There are 1000 observations in the dataset. Each observation represents a birth record.

Excercise 2

nc[is.na(nc$habit) == F, ] %>%
  ggplot() + geom_boxplot(mapping = aes(x = habit, y = weight))

The median is higher for nonsmokers and the whisker stretches farther. The whole distribution seems to be somewhat shifted, indicating they have similar spread, but different means.

Excercise 3

by(nc$weight, nc$habit, mean)

## nc$habit: nonsmoker
## [1] 7.144273
## -------------------------------------------------------- 
## nc$habit: smoker
## [1] 6.82873

nc[is.na(nc$habit) == F, ] %>%
  ggplot() + geom_histogram(mapping = aes(x = weight)) + facet_wrap('habit')

## `stat_bin()` using `bins = 30`. Pick better value with `binwidth`.

The samples are large enough to handle some skew, and the distributions are fairly normal. The samples were chosen randomly and likely came from more than 10% of the population so we can assume independance.
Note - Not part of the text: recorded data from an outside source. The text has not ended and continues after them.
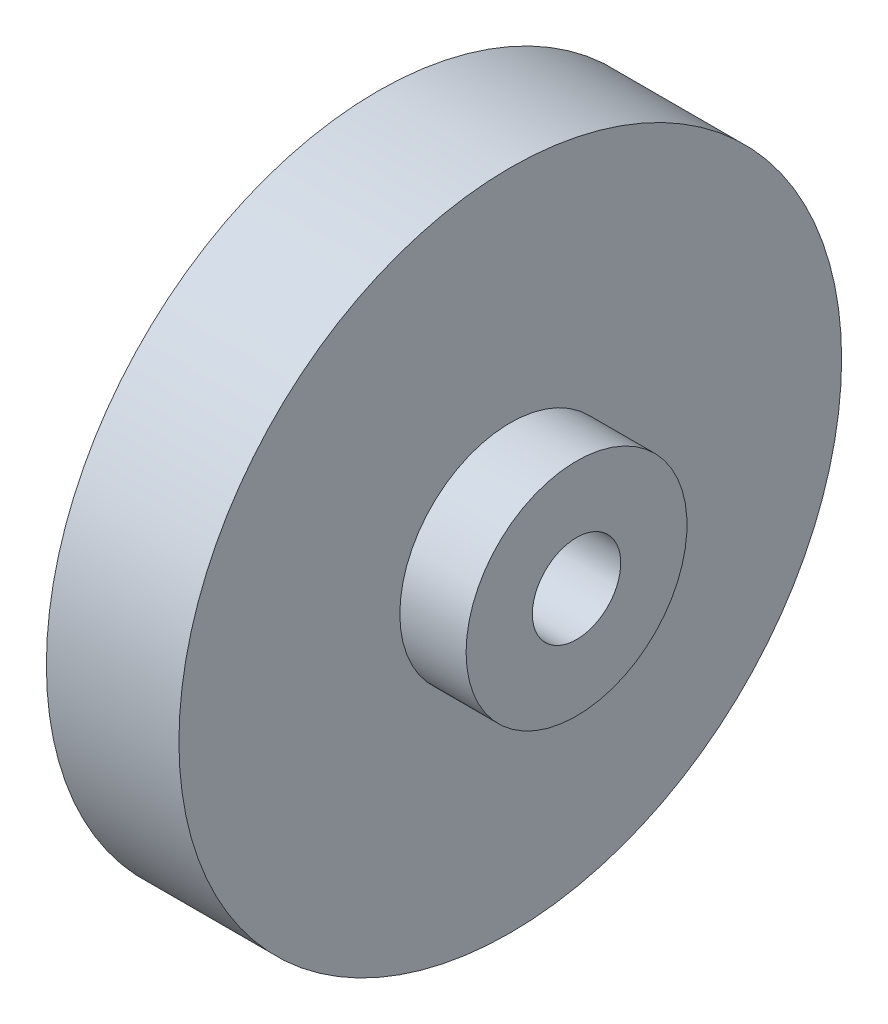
ISO-10303-21;
HEADER;
FILE_DESCRIPTION(('STEP AP214'),'2;1');
FILE_NAME('part.step','',(''),(''),'','','');
FILE_SCHEMA(('AUTOMOTIVE_DESIGN { 1 0 10303 214 1 1 1 1 }'));
ENDSEC;
DATA;
#1=APPLICATION_CONTEXT('core data for automotive mechanical design processes');
#2=APPLICATION_PROTOCOL_DEFINITION('international standard','automotive_design',2000,#1);
#3=PRODUCT_CONTEXT('',#1,'mechanical');
#4=PRODUCT('Part','Part','',(#3));
#5=PRODUCT_RELATED_PRODUCT_CATEGORY('part','',(#4));
#6=PRODUCT_DEFINITION_FORMATION('','',#4);
#7=PRODUCT_DEFINITION_CONTEXT('part definition',#1,'design');
#8=PRODUCT_DEFINITION('design','',#6,#7);
#9=PRODUCT_DEFINITION_SHAPE('','',#8);
#10=(LENGTH_UNIT() NAMED_UNIT(*) SI_UNIT(.MILLI.,.METRE.));
#11=(NAMED_UNIT(*) PLANE_ANGLE_UNIT() SI_UNIT($,.RADIAN.));
#12=(NAMED_UNIT(*) SI_UNIT($,.STERADIAN.) SOLID_ANGLE_UNIT());
#13=UNCERTAINTY_MEASURE_WITH_UNIT(LENGTH_MEASURE(1.E-05),#10,'distance_accuracy_value','');
#14=(GEOMETRIC_REPRESENTATION_CONTEXT(3) GLOBAL_UNCERTAINTY_ASSIGNED_CONTEXT((#13)) GLOBAL_UNIT_ASSIGNED_CONTEXT((#10,
#11,#12)) REPRESENTATION_CONTEXT('',''));
#15=CARTESIAN_POINT('',(0.,0.,0.));
#16=DIRECTION('',(0.,0.,1.));
#17=DIRECTION('',(1.,0.,0.));
#18=AXIS2_PLACEMENT_3D('',#15,#16,#17);
#19=CARTESIAN_POINT('',(0.,-7.58280683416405,0.));
#20=DIRECTION('',(1.,0.,0.));
#21=DIRECTION('',(0.,0.,-1.));
#22=AXIS2_PLACEMENT_3D('',#19,#20,#21);
#23=PLANE('',#22);
#24=CARTESIAN_POINT('',(0.,0.,0.));
#25=DIRECTION('',(-1.,0.,0.));
#26=DIRECTION('',(0.,0.,1.));
#27=AXIS2_PLACEMENT_3D('',#24,#25,#26);
#28=CIRCLE('',#27,2.);
#29=CARTESIAN_POINT('',(0.,0.,2.));
#30=VERTEX_POINT('',#29);
#31=EDGE_CURVE('E10',#30,#30,#28,.T.);
#32=ORIENTED_EDGE('',*,*,#31,.F.);
#33=EDGE_LOOP('',(#32));
#34=FACE_BOUND('',#33,.T.);
#35=CARTESIAN_POINT('',(0.,0.,0.));
#36=DIRECTION('',(-1.,0.,0.));
#37=DIRECTION('',(0.,0.,1.));
#38=AXIS2_PLACEMENT_3D('',#35,#36,#37);
#39=CIRCLE('',#38,5.);
#40=CARTESIAN_POINT('',(0.,0.,5.));
#41=VERTEX_POINT('',#40);
#42=EDGE_CURVE('E56',#41,#41,#39,.T.);
#43=ORIENTED_EDGE('',*,*,#42,.T.);
#44=EDGE_LOOP('',(#43));
#45=FACE_BOUND('',#44,.T.);
#46=ADVANCED_FACE('F28',(#34,#45),#23,.F.);
#47=CARTESIAN_POINT('',(0.,0.,0.));
#48=DIRECTION('',(-1.,0.,0.));
#49=DIRECTION('',(0.,0.,1.));
#50=AXIS2_PLACEMENT_3D('',#47,#48,#49);
#51=CYLINDRICAL_SURFACE('',#50,2.);
#52=CARTESIAN_POINT('',(12.,0.,0.));
#53=DIRECTION('',(-1.,0.,0.));
#54=DIRECTION('',(0.,0.,1.));
#55=AXIS2_PLACEMENT_3D('',#52,#53,#54);
#56=CIRCLE('',#55,2.);
#57=CARTESIAN_POINT('',(12.,0.,2.));
#58=VERTEX_POINT('',#57);
#59=EDGE_CURVE('E34',#58,#58,#56,.T.);
#60=ORIENTED_EDGE('',*,*,#59,.F.);
#61=EDGE_LOOP('',(#60));
#62=FACE_BOUND('',#61,.T.);
#63=ORIENTED_EDGE('',*,*,#31,.T.);
#64=EDGE_LOOP('',(#63));
#65=FACE_BOUND('',#64,.T.);
#66=ADVANCED_FACE('F93',(#62,#65),#51,.F.);
#67=CARTESIAN_POINT('',(12.,-7.58280683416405,0.));
#68=DIRECTION('',(-1.,0.,0.));
#69=DIRECTION('',(0.,0.,1.));
#70=AXIS2_PLACEMENT_3D('',#67,#68,#69);
#71=PLANE('',#70);
#72=CARTESIAN_POINT('',(12.,0.,0.));
#73=DIRECTION('',(-1.,0.,0.));
#74=DIRECTION('',(0.,0.,1.));
#75=AXIS2_PLACEMENT_3D('',#72,#73,#74);
#76=CIRCLE('',#75,5.);
#77=CARTESIAN_POINT('',(12.,0.,5.));
#78=VERTEX_POINT('',#77);
#79=EDGE_CURVE('E38',#78,#78,#76,.T.);
#80=ORIENTED_EDGE('',*,*,#79,.F.);
#81=EDGE_LOOP('',(#80));
#82=FACE_BOUND('',#81,.T.);
#83=ORIENTED_EDGE('',*,*,#59,.T.);
#84=EDGE_LOOP('',(#83));
#85=FACE_BOUND('',#84,.T.);
#86=ADVANCED_FACE('F88',(#82,#85),#71,.F.);
#87=CARTESIAN_POINT('',(0.,0.,0.));
#88=DIRECTION('',(-1.,0.,0.));
#89=DIRECTION('',(0.,0.,1.));
#90=AXIS2_PLACEMENT_3D('',#87,#88,#89);
#91=CYLINDRICAL_SURFACE('',#90,5.);
#92=CARTESIAN_POINT('',(9.,0.,0.));
#93=DIRECTION('',(-1.,0.,0.));
#94=DIRECTION('',(0.,0.,1.));
#95=AXIS2_PLACEMENT_3D('',#92,#93,#94);
#96=CIRCLE('',#95,5.);
#97=CARTESIAN_POINT('',(9.,0.,5.));
#98=VERTEX_POINT('',#97);
#99=EDGE_CURVE('E42',#98,#98,#96,.T.);
#100=ORIENTED_EDGE('',*,*,#99,.F.);
#101=EDGE_LOOP('',(#100));
#102=FACE_BOUND('',#101,.T.);
#103=ORIENTED_EDGE('',*,*,#79,.T.);
#104=EDGE_LOOP('',(#103));
#105=FACE_BOUND('',#104,.T.);
#106=ADVANCED_FACE('F82',(#102,#105),#91,.T.);
#107=CARTESIAN_POINT('',(9.,-7.58280683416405,0.));
#108=DIRECTION('',(-1.,0.,0.));
#109=DIRECTION('',(0.,0.,1.));
#110=AXIS2_PLACEMENT_3D('',#107,#108,#109);
#111=PLANE('',#110);
#112=CARTESIAN_POINT('',(9.,0.,0.));
#113=DIRECTION('',(-1.,0.,0.));
#114=DIRECTION('',(0.,0.,1.));
#115=AXIS2_PLACEMENT_3D('',#112,#113,#114);
#116=CIRCLE('',#115,15.);
#117=CARTESIAN_POINT('',(9.,0.,15.));
#118=VERTEX_POINT('',#117);
#119=EDGE_CURVE('E47',#118,#118,#116,.T.);
#120=ORIENTED_EDGE('',*,*,#119,.F.);
#121=EDGE_LOOP('',(#120));
#122=FACE_BOUND('',#121,.T.);
#123=ORIENTED_EDGE('',*,*,#99,.T.);
#124=EDGE_LOOP('',(#123));
#125=FACE_BOUND('',#124,.T.);
#126=ADVANCED_FACE('F76',(#122,#125),#111,.F.);
#127=CARTESIAN_POINT('',(0.,0.,0.));
#128=DIRECTION('',(-1.,0.,0.));
#129=DIRECTION('',(0.,0.,1.));
#130=AXIS2_PLACEMENT_3D('',#127,#128,#129);
#131=CYLINDRICAL_SURFACE('',#130,15.);
#132=CARTESIAN_POINT('',(3.,0.,0.));
#133=DIRECTION('',(-1.,0.,0.));
#134=DIRECTION('',(0.,0.,1.));
#135=AXIS2_PLACEMENT_3D('',#132,#133,#134);
#136=CIRCLE('',#135,15.);
#137=CARTESIAN_POINT('',(3.,0.,15.));
#138=VERTEX_POINT('',#137);
#139=EDGE_CURVE('E50',#138,#138,#136,.T.);
#140=ORIENTED_EDGE('',*,*,#139,.F.);
#141=EDGE_LOOP('',(#140));
#142=FACE_BOUND('',#141,.T.);
#143=ORIENTED_EDGE('',*,*,#119,.T.);
#144=EDGE_LOOP('',(#143));
#145=FACE_BOUND('',#144,.T.);
#146=ADVANCED_FACE('F70',(#142,#145),#131,.T.);
#147=CARTESIAN_POINT('',(3.,-7.58280683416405,0.));
#148=DIRECTION('',(1.,0.,0.));
#149=DIRECTION('',(0.,0.,-1.));
#150=AXIS2_PLACEMENT_3D('',#147,#148,#149);
#151=PLANE('',#150);
#152=CARTESIAN_POINT('',(3.,0.,0.));
#153=DIRECTION('',(-1.,0.,0.));
#154=DIRECTION('',(0.,0.,1.));
#155=AXIS2_PLACEMENT_3D('',#152,#153,#154);
#156=CIRCLE('',#155,5.);
#157=CARTESIAN_POINT('',(3.,0.,5.));
#158=VERTEX_POINT('',#157);
#159=EDGE_CURVE('E53',#158,#158,#156,.T.);
#160=ORIENTED_EDGE('',*,*,#159,.F.);
#161=EDGE_LOOP('',(#160));
#162=FACE_BOUND('',#161,.T.);
#163=ORIENTED_EDGE('',*,*,#139,.T.);
#164=EDGE_LOOP('',(#163));
#165=FACE_BOUND('',#164,.T.);
#166=ADVANCED_FACE('F64',(#162,#165),#151,.F.);
#167=CARTESIAN_POINT('',(0.,0.,0.));
#168=DIRECTION('',(-1.,0.,0.));
#169=DIRECTION('',(0.,0.,1.));
#170=AXIS2_PLACEMENT_3D('',#167,#168,#169);
#171=CYLINDRICAL_SURFACE('',#170,5.);
#172=ORIENTED_EDGE('',*,*,#42,.F.);
#173=EDGE_LOOP('',(#172));
#174=FACE_BOUND('',#173,.T.);
#175=ORIENTED_EDGE('',*,*,#159,.T.);
#176=EDGE_LOOP('',(#175));
#177=FACE_BOUND('',#176,.T.);
#178=ADVANCED_FACE('F61',(#174,#177),#171,.T.);
#179=CLOSED_SHELL('',(#46,#66,#86,#106,#126,#146,#166,#178));
#180=MANIFOLD_SOLID_BREP('B2',#179);
#181=ADVANCED_BREP_SHAPE_REPRESENTATION('',(#18,#180),#14);
#182=SHAPE_DEFINITION_REPRESENTATION(#9,#181);
ENDSEC;
END-ISO-10303-21;

We can proceed.

Excercise 4

Ho: There is no difference in means between babies born from mothers who were non-smokers and those who smoked Ha: There is some difference in means between babies born from smokers and non-smokers.

Excercise 5

inference(y = nc$weight, x = nc$habit, est = "mean", type = "ci", null = 0, 
          alternative = "twosided", method = "theoretical")

## Warning: package 'BHH2' was built under R version 3.4.2

## Response variable: numerical, Explanatory variable: categorical
## Difference between two means
## Summary statistics:
## n_nonsmoker = 873, mean_nonsmoker = 7.1443, sd_nonsmoker = 1.5187
## n_smoker = 126, mean_smoker = 6.8287, sd_smoker = 1.3862

## Observed difference between means (nonsmoker-smoker) = 0.3155
## 
## Standard error = 0.1338 
## 95 % Confidence interval = ( 0.0534 , 0.5777 )

On Your Own

Question 1

inference(y = nc$weeks, est = "mean", type = "ci", method = "theoretical")

## Single mean 
## Summary statistics:

## mean = 38.3347 ;  sd = 2.9316 ;  n = 998 
## Standard error = 0.0928 
## 95 % Confidence interval = ( 38.1528 , 38.5165 )

Question 2

inference(y = nc$weeks, est = "mean", type = "ci", method = "theoretical", conflevel = .9)

## Single mean 
## Summary statistics:

## mean = 38.3347 ;  sd = 2.9316 ;  n = 998 
## Standard error = 0.0928 
## 90 % Confidence interval = ( 38.182 , 38.4873 )

Question 3

inference(y = nc$gained, x = nc$mature, est = "mean", type = "ht", null = 0, alternative = "twosided", method = "theoretical")

## Response variable: numerical, Explanatory variable: categorical
## Difference between two means
## Summary statistics:
## n_mature mom = 129, mean_mature mom = 28.7907, sd_mature mom = 13.4824
## n_younger mom = 844, mean_younger mom = 30.5604, sd_younger mom = 14.3469

## Observed difference between means (mature mom-younger mom) = -1.7697
## 
## H0: mu_mature mom - mu_younger mom = 0 
## HA: mu_mature mom - mu_younger mom != 0 
## Standard error = 1.286 
## Test statistic: Z =  -1.376 
## p-value =  0.1686

Question 4

nc[is.na(nc$fage) == F, ] %>%
  group_by(mature) %>%
  summarise(age_min = min(fage), age_max = max(fage))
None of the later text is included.